#### WHAT THE TASK ASKS
Output only the lines below that start at the line containing "world_world.use_sun_shadow = False" and end at the line containing "me_needle = bpy.data.meshes.new('needle')", with both ends kept.

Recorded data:
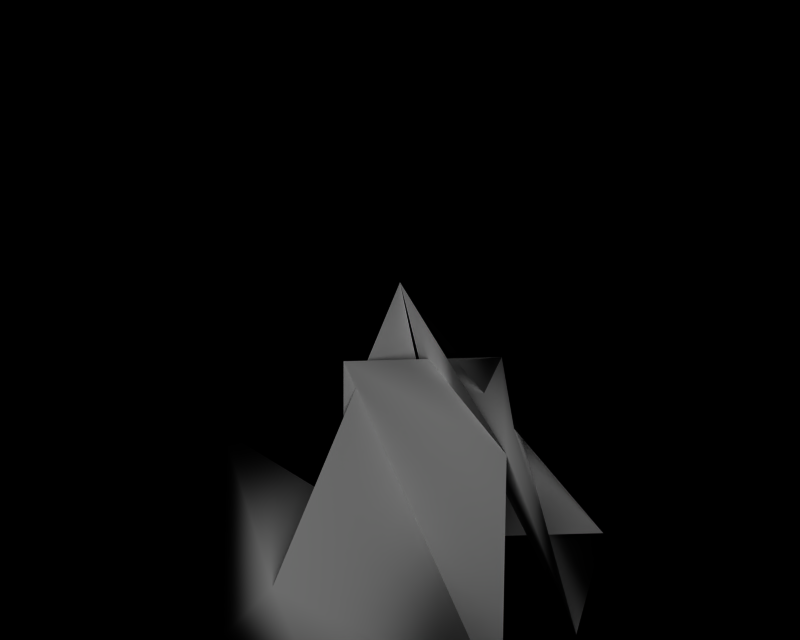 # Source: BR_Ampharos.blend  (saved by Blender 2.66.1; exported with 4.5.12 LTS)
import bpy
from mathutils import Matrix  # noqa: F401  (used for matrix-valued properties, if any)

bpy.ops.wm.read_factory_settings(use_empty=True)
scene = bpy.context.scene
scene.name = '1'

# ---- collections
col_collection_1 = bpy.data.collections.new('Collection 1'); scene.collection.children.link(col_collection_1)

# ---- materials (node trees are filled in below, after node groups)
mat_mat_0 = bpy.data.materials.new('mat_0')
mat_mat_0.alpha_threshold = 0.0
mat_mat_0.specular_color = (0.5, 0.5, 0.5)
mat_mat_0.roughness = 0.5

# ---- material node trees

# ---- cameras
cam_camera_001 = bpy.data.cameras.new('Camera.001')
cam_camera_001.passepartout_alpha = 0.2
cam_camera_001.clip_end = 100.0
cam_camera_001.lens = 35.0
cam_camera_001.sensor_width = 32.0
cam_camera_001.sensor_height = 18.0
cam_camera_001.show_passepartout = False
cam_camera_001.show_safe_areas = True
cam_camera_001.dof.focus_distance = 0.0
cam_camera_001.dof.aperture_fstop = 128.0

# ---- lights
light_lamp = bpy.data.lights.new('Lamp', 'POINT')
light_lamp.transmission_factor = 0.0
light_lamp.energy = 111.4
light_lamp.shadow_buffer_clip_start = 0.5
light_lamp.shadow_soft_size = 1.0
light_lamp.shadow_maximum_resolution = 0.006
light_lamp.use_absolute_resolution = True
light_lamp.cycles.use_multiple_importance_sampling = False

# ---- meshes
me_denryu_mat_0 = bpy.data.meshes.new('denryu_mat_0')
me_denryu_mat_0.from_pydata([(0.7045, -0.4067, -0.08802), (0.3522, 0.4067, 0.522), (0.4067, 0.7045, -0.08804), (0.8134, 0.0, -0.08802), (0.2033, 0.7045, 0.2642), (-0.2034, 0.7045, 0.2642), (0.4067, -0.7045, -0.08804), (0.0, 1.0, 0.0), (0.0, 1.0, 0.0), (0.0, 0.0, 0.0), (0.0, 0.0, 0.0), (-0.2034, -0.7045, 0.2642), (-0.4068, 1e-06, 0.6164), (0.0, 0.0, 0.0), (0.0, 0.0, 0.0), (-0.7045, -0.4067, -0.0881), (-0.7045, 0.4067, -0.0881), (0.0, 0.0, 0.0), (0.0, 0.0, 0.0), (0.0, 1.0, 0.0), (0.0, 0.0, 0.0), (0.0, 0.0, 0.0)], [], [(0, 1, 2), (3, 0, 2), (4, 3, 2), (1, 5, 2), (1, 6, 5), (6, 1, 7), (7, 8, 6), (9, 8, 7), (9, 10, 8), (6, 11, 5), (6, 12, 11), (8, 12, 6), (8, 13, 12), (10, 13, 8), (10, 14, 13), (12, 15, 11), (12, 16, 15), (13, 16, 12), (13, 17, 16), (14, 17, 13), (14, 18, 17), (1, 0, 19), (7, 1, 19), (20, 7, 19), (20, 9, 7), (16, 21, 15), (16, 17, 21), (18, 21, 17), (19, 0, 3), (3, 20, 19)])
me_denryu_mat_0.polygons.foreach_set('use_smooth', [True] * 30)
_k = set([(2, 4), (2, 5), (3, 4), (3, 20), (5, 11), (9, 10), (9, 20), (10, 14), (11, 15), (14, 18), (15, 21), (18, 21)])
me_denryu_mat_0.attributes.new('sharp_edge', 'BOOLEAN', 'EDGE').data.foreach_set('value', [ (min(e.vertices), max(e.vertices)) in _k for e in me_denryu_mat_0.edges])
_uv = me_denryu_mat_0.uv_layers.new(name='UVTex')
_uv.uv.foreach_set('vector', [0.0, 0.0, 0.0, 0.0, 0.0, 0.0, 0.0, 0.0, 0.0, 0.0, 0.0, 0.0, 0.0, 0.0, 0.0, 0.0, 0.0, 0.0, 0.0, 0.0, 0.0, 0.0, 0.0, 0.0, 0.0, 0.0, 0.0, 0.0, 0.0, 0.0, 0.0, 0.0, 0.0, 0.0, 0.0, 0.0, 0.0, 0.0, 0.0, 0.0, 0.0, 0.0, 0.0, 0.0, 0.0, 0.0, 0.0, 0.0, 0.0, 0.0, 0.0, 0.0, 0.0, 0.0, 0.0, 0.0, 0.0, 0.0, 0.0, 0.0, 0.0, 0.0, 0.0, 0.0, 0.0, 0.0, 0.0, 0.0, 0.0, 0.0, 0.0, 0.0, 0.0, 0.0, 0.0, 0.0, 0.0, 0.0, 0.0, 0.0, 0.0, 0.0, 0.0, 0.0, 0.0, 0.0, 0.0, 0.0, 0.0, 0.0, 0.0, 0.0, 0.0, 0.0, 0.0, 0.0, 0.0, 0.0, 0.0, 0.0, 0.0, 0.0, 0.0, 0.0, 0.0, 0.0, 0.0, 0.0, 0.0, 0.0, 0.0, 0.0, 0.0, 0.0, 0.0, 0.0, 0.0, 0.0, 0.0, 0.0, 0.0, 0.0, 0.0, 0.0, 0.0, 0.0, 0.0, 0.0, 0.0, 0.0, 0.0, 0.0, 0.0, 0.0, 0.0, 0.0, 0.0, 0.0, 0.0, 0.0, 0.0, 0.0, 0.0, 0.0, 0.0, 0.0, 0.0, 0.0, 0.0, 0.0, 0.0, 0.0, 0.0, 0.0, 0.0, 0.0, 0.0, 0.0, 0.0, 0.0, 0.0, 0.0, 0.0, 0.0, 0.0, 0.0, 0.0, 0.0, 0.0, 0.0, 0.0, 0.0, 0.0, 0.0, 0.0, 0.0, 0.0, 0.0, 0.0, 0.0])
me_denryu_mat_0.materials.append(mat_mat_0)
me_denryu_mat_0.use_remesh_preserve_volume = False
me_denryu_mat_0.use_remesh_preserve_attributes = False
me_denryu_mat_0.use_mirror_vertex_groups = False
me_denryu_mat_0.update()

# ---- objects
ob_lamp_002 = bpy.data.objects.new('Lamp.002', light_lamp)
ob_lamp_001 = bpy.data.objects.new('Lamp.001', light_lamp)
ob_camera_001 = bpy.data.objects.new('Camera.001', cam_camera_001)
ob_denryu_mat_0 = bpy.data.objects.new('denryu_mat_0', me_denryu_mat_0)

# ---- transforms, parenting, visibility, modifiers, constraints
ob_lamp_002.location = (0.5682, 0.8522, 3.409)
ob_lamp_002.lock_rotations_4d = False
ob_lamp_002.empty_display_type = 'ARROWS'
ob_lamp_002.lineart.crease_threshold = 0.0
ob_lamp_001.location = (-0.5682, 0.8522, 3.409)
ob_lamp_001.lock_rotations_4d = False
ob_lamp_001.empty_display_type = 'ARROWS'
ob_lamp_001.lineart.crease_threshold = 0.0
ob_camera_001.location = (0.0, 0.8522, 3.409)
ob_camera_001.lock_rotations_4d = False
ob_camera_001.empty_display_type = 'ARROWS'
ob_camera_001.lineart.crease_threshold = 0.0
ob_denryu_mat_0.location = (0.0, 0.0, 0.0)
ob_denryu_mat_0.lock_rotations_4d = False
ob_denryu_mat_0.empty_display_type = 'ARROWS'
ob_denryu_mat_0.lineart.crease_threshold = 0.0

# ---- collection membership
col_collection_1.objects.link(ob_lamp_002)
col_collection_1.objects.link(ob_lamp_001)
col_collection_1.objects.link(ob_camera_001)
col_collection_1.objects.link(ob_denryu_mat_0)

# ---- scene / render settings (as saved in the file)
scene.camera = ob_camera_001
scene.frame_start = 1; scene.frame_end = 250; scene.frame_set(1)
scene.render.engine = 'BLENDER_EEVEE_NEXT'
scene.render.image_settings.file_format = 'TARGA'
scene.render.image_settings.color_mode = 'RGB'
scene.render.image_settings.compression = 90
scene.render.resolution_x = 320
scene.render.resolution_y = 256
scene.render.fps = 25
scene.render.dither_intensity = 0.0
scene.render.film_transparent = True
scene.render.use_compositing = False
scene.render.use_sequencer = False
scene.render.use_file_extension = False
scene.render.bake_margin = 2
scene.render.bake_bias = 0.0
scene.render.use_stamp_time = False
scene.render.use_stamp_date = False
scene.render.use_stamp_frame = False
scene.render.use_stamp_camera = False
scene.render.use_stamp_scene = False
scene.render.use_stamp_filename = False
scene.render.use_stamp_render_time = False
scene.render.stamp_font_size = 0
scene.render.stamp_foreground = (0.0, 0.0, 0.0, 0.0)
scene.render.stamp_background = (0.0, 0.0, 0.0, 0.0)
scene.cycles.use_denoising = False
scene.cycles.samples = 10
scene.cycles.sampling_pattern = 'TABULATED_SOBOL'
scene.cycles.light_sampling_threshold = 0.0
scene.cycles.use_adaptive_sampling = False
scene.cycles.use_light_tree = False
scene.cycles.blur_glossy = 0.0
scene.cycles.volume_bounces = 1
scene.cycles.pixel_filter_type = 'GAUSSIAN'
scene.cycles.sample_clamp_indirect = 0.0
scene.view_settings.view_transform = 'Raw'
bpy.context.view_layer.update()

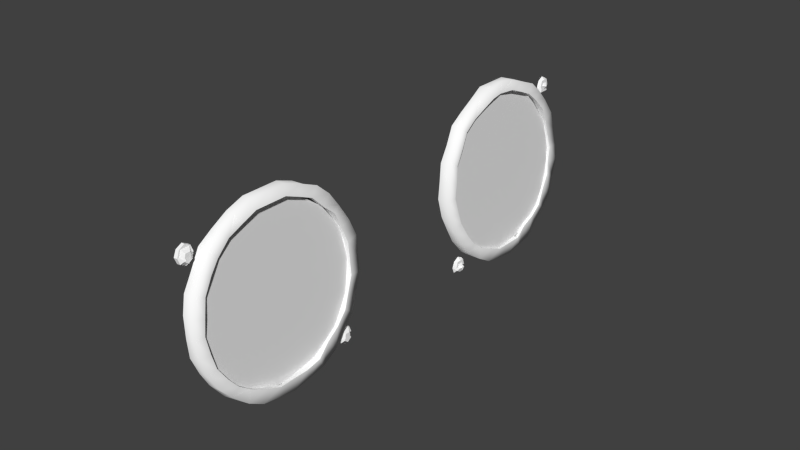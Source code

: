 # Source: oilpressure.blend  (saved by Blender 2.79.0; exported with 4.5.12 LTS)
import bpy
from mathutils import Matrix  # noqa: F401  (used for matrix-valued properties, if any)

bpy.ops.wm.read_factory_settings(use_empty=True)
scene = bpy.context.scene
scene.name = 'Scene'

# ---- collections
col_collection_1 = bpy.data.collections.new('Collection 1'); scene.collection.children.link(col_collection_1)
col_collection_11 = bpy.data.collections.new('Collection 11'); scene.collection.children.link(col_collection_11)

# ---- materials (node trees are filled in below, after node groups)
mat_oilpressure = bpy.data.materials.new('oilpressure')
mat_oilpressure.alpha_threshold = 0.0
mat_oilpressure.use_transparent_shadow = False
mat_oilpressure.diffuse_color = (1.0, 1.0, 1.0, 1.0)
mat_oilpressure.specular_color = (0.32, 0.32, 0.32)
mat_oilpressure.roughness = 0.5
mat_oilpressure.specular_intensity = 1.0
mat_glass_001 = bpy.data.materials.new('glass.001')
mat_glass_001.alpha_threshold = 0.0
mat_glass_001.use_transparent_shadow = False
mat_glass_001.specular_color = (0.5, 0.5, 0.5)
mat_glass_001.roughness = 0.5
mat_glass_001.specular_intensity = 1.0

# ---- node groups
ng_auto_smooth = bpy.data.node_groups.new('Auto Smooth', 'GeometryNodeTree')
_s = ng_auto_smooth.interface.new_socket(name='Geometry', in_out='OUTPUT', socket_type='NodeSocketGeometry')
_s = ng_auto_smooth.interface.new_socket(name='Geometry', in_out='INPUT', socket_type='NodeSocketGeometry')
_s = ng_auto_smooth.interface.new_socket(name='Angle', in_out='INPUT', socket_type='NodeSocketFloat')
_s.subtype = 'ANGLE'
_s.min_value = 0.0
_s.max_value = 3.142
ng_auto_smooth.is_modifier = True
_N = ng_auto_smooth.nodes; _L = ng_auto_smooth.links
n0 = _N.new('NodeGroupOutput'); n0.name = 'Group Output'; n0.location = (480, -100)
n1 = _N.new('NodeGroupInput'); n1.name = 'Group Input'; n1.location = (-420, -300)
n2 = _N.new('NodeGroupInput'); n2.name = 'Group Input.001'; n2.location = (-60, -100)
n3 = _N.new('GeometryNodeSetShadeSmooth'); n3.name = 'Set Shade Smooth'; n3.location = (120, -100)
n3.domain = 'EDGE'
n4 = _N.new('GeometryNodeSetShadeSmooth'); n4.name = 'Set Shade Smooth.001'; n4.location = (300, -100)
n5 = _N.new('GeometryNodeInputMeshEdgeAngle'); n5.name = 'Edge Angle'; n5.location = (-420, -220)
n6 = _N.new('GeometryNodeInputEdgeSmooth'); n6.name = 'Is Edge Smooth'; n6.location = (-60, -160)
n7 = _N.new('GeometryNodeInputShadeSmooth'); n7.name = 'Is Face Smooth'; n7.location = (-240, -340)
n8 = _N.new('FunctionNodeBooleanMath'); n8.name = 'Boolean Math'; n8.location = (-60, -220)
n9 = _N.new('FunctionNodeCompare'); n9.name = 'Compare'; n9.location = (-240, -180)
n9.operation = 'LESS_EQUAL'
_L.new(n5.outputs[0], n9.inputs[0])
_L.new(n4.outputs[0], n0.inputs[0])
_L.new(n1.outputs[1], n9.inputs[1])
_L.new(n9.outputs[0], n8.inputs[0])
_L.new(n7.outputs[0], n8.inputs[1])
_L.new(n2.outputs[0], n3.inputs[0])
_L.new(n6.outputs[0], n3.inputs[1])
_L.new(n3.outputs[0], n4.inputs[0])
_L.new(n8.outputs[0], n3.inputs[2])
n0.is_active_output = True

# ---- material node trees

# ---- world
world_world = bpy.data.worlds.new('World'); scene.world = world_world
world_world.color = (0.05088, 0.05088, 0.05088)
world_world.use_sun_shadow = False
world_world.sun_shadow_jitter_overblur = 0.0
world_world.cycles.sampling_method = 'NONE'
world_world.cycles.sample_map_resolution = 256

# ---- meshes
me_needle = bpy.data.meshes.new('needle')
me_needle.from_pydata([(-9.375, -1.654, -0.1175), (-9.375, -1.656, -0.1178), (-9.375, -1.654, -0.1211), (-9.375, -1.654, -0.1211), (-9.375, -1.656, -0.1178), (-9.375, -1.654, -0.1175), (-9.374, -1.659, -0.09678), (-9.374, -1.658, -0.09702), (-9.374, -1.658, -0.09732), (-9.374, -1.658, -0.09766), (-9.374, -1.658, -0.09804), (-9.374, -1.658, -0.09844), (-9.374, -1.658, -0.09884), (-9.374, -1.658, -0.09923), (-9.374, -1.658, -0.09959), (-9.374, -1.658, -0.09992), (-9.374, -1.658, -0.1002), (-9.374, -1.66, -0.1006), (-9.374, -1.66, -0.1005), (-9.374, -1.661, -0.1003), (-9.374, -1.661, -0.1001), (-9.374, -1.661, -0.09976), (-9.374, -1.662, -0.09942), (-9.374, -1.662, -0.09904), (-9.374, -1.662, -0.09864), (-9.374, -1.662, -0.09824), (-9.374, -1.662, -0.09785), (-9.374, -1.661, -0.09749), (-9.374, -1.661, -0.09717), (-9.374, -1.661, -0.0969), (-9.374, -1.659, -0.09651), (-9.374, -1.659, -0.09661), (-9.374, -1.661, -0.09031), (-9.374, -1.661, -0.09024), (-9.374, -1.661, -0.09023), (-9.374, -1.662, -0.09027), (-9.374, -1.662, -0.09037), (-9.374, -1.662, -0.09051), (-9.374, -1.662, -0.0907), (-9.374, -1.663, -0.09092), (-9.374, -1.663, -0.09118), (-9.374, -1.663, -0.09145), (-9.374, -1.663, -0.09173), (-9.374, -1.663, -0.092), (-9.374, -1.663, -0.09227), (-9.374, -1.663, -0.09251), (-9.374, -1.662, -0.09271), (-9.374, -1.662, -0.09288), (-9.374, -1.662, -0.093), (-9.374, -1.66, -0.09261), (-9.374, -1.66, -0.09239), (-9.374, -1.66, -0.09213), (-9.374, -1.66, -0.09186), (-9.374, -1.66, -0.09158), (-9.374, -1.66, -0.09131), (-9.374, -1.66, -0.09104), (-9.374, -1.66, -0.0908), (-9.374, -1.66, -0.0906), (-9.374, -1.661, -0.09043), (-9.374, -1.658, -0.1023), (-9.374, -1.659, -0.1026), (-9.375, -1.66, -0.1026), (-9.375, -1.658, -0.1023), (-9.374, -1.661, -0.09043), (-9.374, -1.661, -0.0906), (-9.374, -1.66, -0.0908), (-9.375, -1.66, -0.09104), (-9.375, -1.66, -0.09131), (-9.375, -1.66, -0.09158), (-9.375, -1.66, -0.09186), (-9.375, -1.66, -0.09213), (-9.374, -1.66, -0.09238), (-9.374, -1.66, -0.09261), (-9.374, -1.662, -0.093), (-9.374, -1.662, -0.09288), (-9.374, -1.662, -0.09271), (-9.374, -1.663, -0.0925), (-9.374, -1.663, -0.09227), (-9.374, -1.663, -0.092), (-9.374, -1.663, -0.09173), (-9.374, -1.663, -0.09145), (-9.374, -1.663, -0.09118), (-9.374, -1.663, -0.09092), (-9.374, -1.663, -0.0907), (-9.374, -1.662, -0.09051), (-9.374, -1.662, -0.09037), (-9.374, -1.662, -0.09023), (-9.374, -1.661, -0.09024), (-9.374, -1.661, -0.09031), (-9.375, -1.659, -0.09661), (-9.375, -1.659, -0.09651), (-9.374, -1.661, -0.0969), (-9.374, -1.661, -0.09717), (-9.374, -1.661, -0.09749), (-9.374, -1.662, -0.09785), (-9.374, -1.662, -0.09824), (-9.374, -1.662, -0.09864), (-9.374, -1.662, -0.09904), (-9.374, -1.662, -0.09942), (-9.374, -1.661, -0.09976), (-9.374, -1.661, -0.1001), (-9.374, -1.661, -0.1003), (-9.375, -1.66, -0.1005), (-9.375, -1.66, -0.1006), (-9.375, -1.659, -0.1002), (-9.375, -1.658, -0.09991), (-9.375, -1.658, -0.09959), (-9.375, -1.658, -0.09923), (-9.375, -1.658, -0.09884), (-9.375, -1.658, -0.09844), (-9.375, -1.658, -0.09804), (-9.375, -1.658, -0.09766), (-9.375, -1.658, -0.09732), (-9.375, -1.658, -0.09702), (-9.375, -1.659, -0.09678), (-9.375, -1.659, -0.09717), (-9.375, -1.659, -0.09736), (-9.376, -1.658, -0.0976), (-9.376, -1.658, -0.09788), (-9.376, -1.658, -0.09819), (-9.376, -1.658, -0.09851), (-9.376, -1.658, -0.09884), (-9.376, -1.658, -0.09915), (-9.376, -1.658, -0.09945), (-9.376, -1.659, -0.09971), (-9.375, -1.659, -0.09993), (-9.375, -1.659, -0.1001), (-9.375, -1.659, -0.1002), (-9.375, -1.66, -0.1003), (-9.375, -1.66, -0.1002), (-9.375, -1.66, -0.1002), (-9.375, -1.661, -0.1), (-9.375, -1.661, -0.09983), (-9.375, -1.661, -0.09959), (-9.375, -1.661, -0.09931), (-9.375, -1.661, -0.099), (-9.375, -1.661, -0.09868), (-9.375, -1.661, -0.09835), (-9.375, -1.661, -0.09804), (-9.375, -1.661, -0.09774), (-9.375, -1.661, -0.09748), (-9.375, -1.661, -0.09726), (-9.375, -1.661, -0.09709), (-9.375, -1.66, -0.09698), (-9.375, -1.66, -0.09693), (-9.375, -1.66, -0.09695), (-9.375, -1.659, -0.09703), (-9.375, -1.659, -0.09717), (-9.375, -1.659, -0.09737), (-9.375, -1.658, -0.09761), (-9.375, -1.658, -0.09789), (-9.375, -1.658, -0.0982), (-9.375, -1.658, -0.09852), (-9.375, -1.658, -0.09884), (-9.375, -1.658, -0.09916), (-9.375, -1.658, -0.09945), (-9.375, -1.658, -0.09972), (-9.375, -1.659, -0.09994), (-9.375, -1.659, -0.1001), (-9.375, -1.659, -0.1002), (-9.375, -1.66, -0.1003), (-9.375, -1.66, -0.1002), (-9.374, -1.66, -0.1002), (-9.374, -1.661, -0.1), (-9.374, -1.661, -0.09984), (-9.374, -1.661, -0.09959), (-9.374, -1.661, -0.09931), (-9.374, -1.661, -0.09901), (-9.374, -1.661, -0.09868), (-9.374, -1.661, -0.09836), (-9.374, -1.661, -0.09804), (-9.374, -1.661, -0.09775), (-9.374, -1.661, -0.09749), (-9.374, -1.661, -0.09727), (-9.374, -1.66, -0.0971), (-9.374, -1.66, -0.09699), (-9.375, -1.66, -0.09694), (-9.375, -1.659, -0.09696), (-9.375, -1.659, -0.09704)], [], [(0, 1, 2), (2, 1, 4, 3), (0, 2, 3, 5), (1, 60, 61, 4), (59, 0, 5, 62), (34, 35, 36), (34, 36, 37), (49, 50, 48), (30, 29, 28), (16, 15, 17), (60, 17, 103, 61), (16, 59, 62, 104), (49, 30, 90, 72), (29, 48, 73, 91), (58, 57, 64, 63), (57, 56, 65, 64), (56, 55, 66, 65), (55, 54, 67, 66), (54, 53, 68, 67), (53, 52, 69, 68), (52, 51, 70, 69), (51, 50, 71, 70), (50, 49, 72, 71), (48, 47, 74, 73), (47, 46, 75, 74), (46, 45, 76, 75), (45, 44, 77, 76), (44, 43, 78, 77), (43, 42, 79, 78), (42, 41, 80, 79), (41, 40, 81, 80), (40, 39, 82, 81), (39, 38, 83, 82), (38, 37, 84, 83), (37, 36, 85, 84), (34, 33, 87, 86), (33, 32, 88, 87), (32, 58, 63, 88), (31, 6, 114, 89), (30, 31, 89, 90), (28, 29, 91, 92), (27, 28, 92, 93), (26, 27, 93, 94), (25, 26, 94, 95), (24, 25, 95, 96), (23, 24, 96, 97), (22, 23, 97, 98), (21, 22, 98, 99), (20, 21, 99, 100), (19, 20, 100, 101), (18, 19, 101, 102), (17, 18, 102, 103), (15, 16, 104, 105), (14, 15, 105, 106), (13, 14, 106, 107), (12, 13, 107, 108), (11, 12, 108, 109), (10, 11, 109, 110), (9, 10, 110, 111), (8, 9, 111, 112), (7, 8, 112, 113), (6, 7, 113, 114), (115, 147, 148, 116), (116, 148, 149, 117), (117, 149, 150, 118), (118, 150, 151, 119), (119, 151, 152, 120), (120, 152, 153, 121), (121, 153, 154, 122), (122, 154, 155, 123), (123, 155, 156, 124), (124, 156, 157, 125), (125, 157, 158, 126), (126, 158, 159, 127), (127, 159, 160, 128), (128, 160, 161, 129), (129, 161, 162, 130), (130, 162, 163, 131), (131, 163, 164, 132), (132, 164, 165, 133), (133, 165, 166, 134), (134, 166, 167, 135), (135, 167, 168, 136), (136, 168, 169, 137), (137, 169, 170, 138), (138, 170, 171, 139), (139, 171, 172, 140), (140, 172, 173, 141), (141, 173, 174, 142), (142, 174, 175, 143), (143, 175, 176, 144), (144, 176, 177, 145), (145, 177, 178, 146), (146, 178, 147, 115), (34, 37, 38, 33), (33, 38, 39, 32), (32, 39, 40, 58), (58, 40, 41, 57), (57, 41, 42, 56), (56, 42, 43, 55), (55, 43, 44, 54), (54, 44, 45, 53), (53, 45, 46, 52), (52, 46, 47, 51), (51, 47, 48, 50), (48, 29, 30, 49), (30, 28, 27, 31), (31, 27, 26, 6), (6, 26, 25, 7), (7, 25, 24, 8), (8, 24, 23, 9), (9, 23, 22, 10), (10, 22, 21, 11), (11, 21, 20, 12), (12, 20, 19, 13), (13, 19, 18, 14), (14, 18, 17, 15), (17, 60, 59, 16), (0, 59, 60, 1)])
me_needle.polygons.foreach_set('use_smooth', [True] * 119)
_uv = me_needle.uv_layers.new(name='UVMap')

#### THE COMPLETED TASK
world_world.use_sun_shadow = False
world_world.sun_shadow_jitter_overblur = 0.0
world_world.cycles.sampling_method = 'NONE'
world_world.cycles.sample_map_resolution = 256

# ---- meshes
me_needle = bpy.data.meshes.new('needle')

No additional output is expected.